Jakim cudem Zuzia mogła sie we mnie zakochać. Przecież ona ma już chłopaka, a ja nawet nie kwalifikuje sie do chłopaka tylko do cioty. Co do chłopaka Zuzi : typowy BadBoy każdy takiego zna. Gra w jej kapeli, ma czarne włosy i tatuaże na rękach. Mają razem dwa koty, jej chłopak nazywa sie Andy a nazwisko ma jakieś rosyjskie jak to uznała moja babcia. Kiedy Zuzia skończy nauke planowali dziecko. Nie jestem zazdrosny bo jestem gejem, tyle dobrego mimo że Zuzia to świetna partia. Jechaliśmy już dłuższą chwile w ciszy, nie wiedziałem czy coś mówić czy milczenie lepsze.
-W sumie fajnie masz jeśli jesteś gejem.-odezwała sie uspokojona Zuzia.
-Niby czemu? Nikt mnie nie lubi i nie toleruje.-parksnąłem śmiechem.
-Ja cie lubie i toleruje to jest najważniejsze.-powiedziała.
W sumie tyle dobrego.
-Gdzie jedziemy?-spytałem.
-Do Andy'ego. Muszę coś załatwić, chcesz zostać na kawe czy coś?-odpowiedziała.
-No okej, między nami wszystko ok?-powiedziałem niepewnie.

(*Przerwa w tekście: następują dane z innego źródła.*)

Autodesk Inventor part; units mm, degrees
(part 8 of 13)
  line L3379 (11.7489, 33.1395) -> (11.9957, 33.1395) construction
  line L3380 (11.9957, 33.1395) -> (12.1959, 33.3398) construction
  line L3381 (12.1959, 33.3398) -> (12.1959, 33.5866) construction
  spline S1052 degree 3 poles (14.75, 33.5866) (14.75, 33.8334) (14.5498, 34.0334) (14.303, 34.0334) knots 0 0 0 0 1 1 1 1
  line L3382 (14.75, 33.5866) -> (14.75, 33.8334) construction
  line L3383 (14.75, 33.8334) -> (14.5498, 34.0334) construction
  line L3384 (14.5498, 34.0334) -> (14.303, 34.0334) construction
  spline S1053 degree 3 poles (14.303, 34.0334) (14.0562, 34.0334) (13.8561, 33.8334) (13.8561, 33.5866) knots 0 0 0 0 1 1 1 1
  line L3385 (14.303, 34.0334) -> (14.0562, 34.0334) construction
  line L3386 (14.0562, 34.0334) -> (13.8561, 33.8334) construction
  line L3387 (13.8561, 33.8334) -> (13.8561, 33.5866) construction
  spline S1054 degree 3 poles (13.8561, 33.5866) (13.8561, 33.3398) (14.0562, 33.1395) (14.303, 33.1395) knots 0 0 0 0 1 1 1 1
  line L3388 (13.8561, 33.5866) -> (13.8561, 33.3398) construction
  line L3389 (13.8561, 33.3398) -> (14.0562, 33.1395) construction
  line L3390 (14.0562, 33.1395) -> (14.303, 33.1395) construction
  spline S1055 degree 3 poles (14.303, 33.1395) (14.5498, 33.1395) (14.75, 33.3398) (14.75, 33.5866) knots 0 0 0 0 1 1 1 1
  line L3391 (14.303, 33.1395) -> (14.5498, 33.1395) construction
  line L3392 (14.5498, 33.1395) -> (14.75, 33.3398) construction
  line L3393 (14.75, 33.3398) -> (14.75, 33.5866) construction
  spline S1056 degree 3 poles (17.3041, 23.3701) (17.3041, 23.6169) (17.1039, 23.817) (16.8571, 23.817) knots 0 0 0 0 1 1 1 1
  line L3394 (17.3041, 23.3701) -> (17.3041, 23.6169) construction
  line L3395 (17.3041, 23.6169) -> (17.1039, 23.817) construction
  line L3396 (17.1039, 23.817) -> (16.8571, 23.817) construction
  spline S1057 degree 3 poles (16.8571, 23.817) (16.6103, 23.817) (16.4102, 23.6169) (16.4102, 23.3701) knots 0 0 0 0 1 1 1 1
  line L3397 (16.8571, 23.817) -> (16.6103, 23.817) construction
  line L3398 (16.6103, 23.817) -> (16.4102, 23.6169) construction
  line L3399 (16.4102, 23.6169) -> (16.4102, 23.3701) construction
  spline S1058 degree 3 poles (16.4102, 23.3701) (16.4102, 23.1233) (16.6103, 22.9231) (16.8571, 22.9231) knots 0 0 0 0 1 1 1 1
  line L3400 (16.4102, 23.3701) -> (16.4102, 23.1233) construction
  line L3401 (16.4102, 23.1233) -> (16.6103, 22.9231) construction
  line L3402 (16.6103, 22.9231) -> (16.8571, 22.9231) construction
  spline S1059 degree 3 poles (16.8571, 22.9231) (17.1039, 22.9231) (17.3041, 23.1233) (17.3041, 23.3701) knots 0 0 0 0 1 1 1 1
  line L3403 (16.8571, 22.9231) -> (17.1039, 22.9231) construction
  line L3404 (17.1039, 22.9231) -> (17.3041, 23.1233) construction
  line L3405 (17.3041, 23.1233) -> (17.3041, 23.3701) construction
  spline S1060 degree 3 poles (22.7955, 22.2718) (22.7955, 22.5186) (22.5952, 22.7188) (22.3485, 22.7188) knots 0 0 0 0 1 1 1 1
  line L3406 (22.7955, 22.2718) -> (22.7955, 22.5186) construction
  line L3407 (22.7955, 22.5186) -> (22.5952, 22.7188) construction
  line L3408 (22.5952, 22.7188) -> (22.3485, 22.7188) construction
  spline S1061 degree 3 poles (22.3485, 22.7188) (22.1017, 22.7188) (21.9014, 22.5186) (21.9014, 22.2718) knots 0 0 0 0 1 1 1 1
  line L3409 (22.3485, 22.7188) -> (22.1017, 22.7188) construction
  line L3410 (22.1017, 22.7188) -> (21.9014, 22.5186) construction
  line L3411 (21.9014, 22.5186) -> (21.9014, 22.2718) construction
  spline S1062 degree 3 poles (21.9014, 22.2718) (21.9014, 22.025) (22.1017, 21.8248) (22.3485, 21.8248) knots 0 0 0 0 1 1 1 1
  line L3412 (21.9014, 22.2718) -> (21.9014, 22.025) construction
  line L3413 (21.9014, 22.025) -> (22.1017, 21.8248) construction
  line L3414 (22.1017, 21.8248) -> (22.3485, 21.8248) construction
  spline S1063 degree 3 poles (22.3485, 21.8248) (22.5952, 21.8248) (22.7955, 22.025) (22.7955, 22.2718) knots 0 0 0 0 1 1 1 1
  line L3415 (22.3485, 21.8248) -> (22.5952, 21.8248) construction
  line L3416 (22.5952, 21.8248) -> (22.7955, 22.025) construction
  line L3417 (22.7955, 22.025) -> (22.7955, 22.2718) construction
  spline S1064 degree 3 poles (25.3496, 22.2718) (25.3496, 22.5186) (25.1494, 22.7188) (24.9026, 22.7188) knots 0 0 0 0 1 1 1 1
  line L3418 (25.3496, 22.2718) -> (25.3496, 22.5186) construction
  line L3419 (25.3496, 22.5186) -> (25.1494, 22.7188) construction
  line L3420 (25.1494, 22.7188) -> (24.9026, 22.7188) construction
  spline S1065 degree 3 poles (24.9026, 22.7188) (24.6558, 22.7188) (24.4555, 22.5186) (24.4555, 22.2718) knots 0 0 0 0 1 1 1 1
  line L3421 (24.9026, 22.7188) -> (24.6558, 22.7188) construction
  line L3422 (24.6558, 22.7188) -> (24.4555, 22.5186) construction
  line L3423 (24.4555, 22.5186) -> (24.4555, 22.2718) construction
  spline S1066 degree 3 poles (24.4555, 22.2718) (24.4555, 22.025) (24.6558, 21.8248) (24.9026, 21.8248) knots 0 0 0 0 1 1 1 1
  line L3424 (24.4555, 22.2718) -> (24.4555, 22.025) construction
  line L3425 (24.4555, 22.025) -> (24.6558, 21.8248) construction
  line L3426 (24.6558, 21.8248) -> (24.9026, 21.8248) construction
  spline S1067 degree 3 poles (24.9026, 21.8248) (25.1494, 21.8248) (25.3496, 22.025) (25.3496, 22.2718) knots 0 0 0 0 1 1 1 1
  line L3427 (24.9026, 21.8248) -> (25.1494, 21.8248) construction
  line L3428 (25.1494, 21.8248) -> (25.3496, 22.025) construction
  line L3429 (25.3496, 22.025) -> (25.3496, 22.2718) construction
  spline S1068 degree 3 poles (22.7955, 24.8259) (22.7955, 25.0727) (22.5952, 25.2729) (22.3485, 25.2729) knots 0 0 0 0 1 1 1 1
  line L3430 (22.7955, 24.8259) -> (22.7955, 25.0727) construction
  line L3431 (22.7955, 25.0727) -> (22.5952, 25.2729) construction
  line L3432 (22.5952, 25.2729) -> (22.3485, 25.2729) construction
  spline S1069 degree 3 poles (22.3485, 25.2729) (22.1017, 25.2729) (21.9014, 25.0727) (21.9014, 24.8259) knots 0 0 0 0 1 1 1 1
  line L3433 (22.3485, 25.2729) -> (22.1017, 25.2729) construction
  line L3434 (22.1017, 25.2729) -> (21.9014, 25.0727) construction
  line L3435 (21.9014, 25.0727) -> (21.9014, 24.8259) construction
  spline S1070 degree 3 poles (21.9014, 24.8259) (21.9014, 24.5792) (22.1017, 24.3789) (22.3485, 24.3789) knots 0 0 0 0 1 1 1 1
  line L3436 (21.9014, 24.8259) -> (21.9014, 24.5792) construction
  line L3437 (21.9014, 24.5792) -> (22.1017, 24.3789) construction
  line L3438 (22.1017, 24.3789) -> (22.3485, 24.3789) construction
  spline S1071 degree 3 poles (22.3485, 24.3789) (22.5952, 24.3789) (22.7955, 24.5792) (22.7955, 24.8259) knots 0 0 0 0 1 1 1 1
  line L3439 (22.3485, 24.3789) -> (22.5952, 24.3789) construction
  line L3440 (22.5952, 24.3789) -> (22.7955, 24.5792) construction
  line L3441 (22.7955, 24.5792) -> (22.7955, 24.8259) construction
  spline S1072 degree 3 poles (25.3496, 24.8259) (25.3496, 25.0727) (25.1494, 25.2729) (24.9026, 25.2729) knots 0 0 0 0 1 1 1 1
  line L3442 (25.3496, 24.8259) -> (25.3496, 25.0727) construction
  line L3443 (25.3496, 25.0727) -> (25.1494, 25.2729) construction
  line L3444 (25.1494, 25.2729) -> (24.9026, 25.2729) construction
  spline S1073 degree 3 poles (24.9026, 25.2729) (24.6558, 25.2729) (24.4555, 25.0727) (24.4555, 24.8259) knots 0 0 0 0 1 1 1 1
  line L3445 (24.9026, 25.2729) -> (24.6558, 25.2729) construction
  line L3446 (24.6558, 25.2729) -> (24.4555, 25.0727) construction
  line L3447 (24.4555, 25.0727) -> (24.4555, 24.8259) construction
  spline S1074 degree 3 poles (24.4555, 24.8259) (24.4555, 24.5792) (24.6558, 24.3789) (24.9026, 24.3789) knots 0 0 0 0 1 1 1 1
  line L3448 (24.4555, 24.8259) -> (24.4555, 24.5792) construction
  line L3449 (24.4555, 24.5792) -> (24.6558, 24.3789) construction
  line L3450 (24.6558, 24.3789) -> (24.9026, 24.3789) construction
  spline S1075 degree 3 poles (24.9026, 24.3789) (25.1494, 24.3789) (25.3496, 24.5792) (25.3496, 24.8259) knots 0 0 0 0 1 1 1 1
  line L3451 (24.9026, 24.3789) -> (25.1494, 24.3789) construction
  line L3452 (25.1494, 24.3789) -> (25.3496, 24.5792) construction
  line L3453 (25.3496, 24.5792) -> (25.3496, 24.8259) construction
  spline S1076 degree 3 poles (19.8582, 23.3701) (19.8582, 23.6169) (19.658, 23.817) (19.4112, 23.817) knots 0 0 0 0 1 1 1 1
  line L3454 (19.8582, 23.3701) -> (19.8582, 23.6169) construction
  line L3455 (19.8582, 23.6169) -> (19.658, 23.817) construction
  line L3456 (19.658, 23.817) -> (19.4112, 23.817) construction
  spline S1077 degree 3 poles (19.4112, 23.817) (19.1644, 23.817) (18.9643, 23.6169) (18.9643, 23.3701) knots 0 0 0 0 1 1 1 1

-Tak spoko.-uśmiechnęła się.
Kamień z serca.
Po 10 minutach drogi dojechaliśmy pod garaż. Wysiedliśmy i poszliśmy w stronę drzwi. Zuzia zapukała a ja czekałem. Andy otworzył nam drzwi i zaprosił do środka, właśnie robił herbate. Usiedliśmy w salonie a Zuzia poszła przez chwile pogadać z chłopakiem. W tym czasie bawiłem sie telefonem. Nagle dostałem smsa. Hej Natan, tu profesor Parker. Chciałbym z tobą porozmawiać na osobności o ostatniej sytuacji. Masz dzisiaj czas? Szczerze to nie wiedziałem czy mam i ile tu będe. Spojrzałem na zegarek i zacząłem planować swój grafik. Jest 12;15, za dwie godziny powinienem być wolny. Chyba że mnie coś zatrzyma, dla pewności napisze że o 15 mam czas. Odpisałem a w tym czasie Zuzia wróciła i wzięła sie za picie herbaty.
-Słuchaj o 14;30 lub coś około będe sie zbierał. Musze sie jeszcze z kimś spotkać.-uprzedziłem.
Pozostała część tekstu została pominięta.